Brief: An exact copy of all records is expected, minus the images.

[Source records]
____

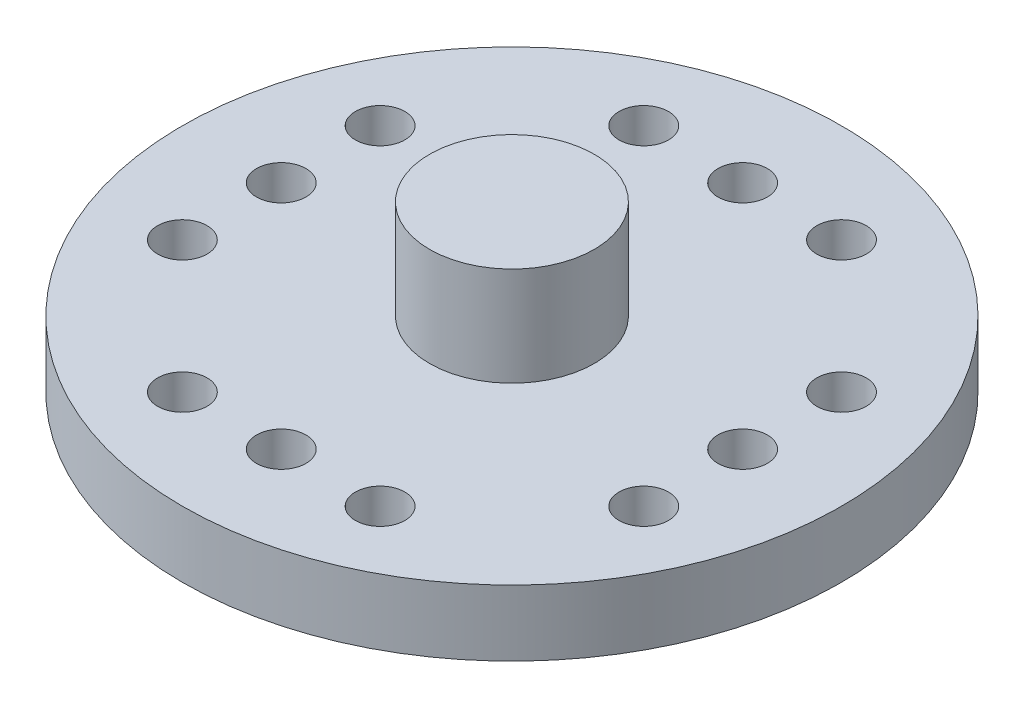
SolidWorks part; units mm, degrees
ref_plane "前视基准面" through (0, 0, 0) normal (0, 0, 1) x (1, 0, 0)
ref_plane "上视基准面" through (0, 0, 0) normal (0, 1, 0) x (1, 0, 0)
ref_plane "右视基准面" through (0, 0, 0) normal (1, 0, 0) x (0, 0, -1)
sketch "草图1" plane through (0, 0, 0) normal (0, 1, 0) x (1, 0, 0)
  circle A0 centre (0, 0) radius 10
  dimension "D1" = 20
extrude "凸台-拉伸1" add sketch "草图1" along normal blind 2
sketch "草图2" plane through (0, 2, 0) normal (0, 1, 0) x (1, 0, 0)
  circle A0 centre (0, 0) radius 2.5
  dimension "D1" = 5
extrude "凸台-拉伸2" add sketch "草图2" along normal blind 3
sketch "草图3" plane through (0, 2, 0) normal (0, 1, 0) x (1, 0, 0)
  line L0 (-8.4636, 7) -> (12.1943, 7) construction
  line L1 (0, -11.1503) -> (0, 10.1759) construction
  circle A0 centre (0, 0) radius 7 construction
  circle A1 centre (0, 7) radius 0.75
  circle A2 centre (-3, 7) radius 0.75
  circle A3 centre (3, 7) radius 0.75
  circle A4 centre (7, 3) radius 0.75
  circle A5 centre (7, 0) radius 0.75
  circle A6 centre (7, -3) radius 0.75
  circle A7 centre (3, -7) radius 0.75
  circle A8 centre (0, -7) radius 0.75
  circle A9 centre (-3, -7) radius 0.75
  circle A10 centre (-7, -3) radius 0.75
  circle A11 centre (-7, 0) radius 0.75
  circle A12 centre (-7, 3) radius 0.75
  point P34 (0, 0)
  dimension "D1" = 14
  dimension "D2" = 1.5
  dimension "D3" = 1.5
  dimension "D4" = 1.5
  dimension "D5" = 3
  dimension "D6" = 3
  dimension "D7" = 4
extrude "切除-拉伸1" cut sketch "草图3" against normal through all contours A0 A12 | A2 | A1 | A3 | A4 | A5 | A6 | A7 | A9 | A10 | A11 | A8

____

Answer to the exercise:
SolidWorks part; units mm, degrees
ref_plane "前视基准面" through (0, 0, 0) normal (0, 0, 1) x (1, 0, 0)
ref_plane "上视基准面" through (0, 0, 0) normal (0, 1, 0) x (1, 0, 0)
ref_plane "右视基准面" through (0, 0, 0) normal (1, 0, 0) x (0, 0, -1)
sketch "草图1" plane through (0, 0, 0) normal (0, 1, 0) x (1, 0, 0)
  circle A0 centre (0, 0) radius 10
  dimension "D1" = 20
extrude "凸台-拉伸1" add sketch "草图1" along normal blind 2
sketch "草图2" plane through (0, 2, 0) normal (0, 1, 0) x (1, 0, 0)
  circle A0 centre (0, 0) radius 2.5
  dimension "D1" = 5
extrude "凸台-拉伸2" add sketch "草图2" along normal blind 3
sketch "草图3" plane through (0, 2, 0) normal (0, 1, 0) x (1, 0, 0)
  line L0 (-8.4636, 7) -> (12.1943, 7) construction
  line L1 (0, -11.1503) -> (0, 10.1759) construction
  circle A0 centre (0, 0) radius 7 construction
  circle A1 centre (0, 7) radius 0.75
  circle A2 centre (-3, 7) radius 0.75
  circle A3 centre (3, 7) radius 0.75
  circle A4 centre (7, 3) radius 0.75
  circle A5 centre (7, 0) radius 0.75
  circle A6 centre (7, -3) radius 0.75
  circle A7 centre (3, -7) radius 0.75
  circle A8 centre (0, -7) radius 0.75
  circle A9 centre (-3, -7) radius 0.75
  circle A10 centre (-7, -3) radius 0.75
  circle A11 centre (-7, 0) radius 0.75
  circle A12 centre (-7, 3) radius 0.75
  point P34 (0, 0)
  dimension "D1" = 14
  dimension "D2" = 1.5
  dimension "D3" = 1.5
  dimension "D4" = 1.5
  dimension "D5" = 3
  dimension "D6" = 3
  dimension "D7" = 4
extrude "切除-拉伸1" cut sketch "草图3" against normal through all contours A0 A12 | A2 | A1 | A3 | A4 | A5 | A6 | A7 | A9 | A10 | A11 | A8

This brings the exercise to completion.